EXERCISE MATERIAL:
──────

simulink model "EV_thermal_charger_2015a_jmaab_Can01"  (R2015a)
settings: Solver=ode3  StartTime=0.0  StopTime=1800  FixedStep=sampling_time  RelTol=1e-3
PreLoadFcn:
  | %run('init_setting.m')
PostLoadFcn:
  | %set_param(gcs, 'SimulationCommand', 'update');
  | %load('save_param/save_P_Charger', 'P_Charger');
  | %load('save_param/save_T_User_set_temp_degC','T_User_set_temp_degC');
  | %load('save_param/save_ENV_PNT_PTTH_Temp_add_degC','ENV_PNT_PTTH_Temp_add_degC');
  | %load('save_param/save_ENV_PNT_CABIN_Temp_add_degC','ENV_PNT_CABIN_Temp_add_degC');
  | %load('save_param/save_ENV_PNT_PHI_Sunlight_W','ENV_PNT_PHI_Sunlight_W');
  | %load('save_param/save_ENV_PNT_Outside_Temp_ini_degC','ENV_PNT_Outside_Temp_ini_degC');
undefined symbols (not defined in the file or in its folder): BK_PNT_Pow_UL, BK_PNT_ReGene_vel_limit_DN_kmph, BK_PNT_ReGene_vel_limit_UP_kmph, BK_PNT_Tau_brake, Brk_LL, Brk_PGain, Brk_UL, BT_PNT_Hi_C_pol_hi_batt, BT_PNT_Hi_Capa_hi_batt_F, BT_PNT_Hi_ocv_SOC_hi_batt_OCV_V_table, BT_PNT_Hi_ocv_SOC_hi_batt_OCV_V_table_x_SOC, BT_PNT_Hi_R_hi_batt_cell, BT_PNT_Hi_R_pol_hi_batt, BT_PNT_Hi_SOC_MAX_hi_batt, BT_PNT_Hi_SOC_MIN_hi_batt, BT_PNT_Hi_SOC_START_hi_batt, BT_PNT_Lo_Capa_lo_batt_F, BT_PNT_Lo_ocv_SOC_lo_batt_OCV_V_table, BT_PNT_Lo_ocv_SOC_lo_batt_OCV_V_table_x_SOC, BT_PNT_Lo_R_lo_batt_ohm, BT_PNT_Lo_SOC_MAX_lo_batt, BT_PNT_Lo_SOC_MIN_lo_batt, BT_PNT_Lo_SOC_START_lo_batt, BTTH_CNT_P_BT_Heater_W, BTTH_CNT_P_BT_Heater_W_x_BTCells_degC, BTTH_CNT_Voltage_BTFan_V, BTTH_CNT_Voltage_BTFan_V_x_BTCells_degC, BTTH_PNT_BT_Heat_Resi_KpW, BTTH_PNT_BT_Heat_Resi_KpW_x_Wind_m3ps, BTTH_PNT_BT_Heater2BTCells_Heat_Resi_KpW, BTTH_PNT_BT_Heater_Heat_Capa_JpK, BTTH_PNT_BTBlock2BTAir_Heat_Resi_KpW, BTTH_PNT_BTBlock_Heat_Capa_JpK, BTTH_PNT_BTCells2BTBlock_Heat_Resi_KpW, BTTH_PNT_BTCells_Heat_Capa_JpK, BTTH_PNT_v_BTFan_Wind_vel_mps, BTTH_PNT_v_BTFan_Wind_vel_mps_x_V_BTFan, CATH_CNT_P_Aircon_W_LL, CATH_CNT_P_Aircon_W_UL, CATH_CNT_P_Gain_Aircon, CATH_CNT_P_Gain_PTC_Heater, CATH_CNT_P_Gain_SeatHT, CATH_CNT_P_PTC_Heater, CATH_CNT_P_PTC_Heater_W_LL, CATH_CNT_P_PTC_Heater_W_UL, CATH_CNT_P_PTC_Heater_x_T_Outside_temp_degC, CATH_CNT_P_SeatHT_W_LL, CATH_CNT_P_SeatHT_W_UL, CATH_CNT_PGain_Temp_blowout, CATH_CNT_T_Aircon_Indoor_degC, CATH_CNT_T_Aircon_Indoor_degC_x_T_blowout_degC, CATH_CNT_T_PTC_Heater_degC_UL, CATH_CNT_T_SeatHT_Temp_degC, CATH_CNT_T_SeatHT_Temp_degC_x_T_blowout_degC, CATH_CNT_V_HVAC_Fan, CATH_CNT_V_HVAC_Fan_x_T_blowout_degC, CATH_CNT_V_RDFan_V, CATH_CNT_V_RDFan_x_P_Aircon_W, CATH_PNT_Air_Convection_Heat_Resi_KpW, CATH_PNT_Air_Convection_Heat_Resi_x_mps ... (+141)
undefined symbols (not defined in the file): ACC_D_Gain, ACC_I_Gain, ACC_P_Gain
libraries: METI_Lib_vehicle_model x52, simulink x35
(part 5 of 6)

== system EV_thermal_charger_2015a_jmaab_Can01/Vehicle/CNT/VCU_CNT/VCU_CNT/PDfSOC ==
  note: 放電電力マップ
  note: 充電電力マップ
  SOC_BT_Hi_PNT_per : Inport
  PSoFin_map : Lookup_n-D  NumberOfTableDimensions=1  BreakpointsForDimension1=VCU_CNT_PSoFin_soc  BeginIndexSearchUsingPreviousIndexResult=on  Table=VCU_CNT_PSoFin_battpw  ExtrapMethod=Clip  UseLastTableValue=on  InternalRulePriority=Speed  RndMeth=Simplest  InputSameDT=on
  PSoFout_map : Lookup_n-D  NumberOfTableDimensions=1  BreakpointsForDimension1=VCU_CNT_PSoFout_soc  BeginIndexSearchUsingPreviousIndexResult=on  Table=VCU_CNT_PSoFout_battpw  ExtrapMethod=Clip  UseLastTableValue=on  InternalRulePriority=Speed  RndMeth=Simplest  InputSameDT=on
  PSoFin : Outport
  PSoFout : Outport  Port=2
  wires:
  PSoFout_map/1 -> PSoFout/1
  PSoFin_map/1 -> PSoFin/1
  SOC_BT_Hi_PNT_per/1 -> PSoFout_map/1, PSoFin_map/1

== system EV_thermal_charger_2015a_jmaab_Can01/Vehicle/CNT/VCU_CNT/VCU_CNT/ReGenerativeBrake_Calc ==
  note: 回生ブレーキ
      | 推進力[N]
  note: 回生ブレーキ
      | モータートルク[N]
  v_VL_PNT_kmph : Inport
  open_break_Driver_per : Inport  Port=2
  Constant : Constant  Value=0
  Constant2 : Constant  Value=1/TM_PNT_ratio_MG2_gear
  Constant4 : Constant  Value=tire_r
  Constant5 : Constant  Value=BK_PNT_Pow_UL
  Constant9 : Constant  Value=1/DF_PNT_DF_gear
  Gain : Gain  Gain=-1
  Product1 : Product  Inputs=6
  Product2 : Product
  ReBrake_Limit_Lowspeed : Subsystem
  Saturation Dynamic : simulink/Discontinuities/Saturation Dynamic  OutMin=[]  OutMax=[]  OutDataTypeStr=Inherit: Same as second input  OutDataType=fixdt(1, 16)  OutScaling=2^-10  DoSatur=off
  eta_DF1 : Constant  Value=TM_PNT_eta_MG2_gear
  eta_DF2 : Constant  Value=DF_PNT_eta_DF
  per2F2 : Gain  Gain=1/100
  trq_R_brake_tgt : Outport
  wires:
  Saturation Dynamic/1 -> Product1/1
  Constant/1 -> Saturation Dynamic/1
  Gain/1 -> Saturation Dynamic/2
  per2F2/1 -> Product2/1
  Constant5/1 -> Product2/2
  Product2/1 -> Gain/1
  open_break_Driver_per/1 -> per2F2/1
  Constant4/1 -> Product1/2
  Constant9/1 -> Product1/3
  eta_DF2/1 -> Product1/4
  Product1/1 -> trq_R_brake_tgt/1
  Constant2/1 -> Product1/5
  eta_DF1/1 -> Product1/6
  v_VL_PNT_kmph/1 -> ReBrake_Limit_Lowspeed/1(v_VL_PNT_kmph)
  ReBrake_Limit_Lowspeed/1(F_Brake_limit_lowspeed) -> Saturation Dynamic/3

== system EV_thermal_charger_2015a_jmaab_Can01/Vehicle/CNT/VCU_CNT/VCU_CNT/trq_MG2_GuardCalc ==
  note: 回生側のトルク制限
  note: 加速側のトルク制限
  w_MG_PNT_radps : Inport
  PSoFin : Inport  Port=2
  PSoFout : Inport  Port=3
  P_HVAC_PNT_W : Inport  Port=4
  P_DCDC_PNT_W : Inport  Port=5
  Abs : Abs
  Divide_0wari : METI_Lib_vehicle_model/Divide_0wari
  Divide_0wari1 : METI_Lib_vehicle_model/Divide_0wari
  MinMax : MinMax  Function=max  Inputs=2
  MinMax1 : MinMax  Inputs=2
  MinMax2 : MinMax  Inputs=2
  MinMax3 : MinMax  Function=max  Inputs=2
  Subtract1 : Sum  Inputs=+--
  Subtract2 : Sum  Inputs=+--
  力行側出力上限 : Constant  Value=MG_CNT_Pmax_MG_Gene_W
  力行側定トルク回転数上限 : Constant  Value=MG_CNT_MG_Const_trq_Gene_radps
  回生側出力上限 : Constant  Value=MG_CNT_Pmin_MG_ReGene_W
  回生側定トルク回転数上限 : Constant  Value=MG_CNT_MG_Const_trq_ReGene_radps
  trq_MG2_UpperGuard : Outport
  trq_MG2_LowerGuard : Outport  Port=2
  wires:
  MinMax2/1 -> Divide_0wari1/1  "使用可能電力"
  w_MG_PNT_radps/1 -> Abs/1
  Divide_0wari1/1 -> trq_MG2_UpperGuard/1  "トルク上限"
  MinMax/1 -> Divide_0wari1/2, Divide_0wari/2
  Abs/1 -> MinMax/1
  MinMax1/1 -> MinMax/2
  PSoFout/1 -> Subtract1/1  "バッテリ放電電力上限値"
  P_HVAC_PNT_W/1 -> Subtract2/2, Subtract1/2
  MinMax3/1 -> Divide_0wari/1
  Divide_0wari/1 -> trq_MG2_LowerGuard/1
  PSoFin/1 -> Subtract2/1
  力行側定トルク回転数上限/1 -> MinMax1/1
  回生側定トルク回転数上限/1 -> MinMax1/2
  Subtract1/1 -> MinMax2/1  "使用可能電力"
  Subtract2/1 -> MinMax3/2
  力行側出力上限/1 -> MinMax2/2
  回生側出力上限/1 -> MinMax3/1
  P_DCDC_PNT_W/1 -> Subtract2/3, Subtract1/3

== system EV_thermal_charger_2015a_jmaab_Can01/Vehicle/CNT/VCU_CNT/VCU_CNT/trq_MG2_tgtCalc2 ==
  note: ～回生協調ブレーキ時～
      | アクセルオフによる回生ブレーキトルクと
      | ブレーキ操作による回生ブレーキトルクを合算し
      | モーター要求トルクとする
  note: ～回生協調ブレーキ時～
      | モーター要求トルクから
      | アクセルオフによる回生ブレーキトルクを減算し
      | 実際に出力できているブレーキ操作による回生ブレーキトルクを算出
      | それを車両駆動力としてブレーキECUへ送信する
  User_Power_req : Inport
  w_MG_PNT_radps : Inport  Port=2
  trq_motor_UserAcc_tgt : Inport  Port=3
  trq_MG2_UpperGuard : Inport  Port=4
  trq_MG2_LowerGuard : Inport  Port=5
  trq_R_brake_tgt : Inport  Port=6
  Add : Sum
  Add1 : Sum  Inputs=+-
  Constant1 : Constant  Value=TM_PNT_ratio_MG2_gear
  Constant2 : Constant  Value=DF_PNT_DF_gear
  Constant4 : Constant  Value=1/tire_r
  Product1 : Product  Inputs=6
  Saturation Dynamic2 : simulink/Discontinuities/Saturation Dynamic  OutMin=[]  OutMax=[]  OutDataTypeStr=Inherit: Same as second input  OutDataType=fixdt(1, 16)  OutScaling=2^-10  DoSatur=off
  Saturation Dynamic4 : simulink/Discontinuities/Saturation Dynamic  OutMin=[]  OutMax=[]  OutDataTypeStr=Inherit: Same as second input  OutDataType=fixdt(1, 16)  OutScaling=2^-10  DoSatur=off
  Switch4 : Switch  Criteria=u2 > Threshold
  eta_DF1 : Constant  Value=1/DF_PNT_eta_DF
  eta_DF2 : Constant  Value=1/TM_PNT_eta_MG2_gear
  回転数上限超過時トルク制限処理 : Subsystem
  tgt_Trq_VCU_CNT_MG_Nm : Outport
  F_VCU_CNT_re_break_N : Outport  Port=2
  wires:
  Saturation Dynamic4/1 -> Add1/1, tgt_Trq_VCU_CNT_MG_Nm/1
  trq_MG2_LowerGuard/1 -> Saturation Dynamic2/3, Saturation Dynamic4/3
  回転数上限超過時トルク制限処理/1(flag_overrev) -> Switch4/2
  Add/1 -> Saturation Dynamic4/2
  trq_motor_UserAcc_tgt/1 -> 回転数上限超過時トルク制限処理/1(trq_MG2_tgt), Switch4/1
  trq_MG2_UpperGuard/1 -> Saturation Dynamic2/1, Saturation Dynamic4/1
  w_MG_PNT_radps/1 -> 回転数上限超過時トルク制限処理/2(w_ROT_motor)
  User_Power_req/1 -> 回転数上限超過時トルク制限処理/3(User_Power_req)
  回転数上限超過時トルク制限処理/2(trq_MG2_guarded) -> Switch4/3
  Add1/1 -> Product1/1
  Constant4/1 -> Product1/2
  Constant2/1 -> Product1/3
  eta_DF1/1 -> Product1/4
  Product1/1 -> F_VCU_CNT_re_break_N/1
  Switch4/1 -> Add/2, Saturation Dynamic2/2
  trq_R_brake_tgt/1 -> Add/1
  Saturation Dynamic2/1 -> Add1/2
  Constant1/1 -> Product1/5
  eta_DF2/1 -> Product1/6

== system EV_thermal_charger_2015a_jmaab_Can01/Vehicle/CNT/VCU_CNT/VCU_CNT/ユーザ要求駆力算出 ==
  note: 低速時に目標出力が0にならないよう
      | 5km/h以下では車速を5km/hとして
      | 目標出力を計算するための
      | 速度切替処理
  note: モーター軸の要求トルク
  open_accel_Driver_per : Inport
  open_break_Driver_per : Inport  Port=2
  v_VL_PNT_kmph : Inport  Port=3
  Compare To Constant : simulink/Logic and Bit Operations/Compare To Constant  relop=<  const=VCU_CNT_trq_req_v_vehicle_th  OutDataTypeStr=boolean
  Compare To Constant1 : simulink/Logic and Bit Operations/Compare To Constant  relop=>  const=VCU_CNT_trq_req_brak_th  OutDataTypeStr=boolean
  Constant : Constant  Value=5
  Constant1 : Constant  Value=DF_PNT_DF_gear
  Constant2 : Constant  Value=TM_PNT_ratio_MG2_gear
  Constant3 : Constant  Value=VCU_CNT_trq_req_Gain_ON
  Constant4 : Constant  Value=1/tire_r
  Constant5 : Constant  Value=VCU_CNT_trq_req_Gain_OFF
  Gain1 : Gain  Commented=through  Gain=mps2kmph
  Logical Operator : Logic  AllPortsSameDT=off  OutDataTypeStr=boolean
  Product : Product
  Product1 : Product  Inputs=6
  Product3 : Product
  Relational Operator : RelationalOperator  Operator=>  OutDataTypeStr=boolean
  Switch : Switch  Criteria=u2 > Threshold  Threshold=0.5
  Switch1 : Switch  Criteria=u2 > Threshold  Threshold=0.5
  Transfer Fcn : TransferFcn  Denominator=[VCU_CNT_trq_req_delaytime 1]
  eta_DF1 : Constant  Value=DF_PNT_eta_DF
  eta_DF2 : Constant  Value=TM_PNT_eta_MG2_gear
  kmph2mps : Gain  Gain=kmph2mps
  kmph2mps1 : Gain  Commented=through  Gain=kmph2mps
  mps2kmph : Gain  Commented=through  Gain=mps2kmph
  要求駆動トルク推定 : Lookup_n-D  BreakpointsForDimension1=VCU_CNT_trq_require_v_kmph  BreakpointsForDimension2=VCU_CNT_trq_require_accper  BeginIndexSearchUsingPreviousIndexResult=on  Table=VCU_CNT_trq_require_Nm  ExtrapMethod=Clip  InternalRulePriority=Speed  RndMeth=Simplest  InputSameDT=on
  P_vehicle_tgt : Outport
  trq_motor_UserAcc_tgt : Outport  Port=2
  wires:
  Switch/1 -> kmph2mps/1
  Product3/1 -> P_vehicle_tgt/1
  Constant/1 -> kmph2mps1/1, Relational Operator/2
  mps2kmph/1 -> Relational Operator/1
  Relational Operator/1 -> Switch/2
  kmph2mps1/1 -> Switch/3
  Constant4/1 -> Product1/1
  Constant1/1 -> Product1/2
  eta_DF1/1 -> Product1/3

──────

TASK ITEM:
Print only what lies in the material above starting at the line with "-> 回転数上限超過時トルク制限処理/1(trq_MG2_tgt), Switch4/1" and ending at the line with "Product1/1 -> F_VCU_CNT_re_break_N/1", every line exactly as given.

REPLY TO THE TASK:
  trq_motor_UserAcc_tgt/1 -> 回転数上限超過時トルク制限処理/1(trq_MG2_tgt), Switch4/1
  trq_MG2_UpperGuard/1 -> Saturation Dynamic2/1, Saturation Dynamic4/1
  w_MG_PNT_radps/1 -> 回転数上限超過時トルク制限処理/2(w_ROT_motor)
  User_Power_req/1 -> 回転数上限超過時トルク制限処理/3(User_Power_req)
  回転数上限超過時トルク制限処理/2(trq_MG2_guarded) -> Switch4/3
  Add1/1 -> Product1/1
  Constant4/1 -> Product1/2
  Constant2/1 -> Product1/3
  eta_DF1/1 -> Product1/4
  Product1/1 -> F_VCU_CNT_re_break_N/1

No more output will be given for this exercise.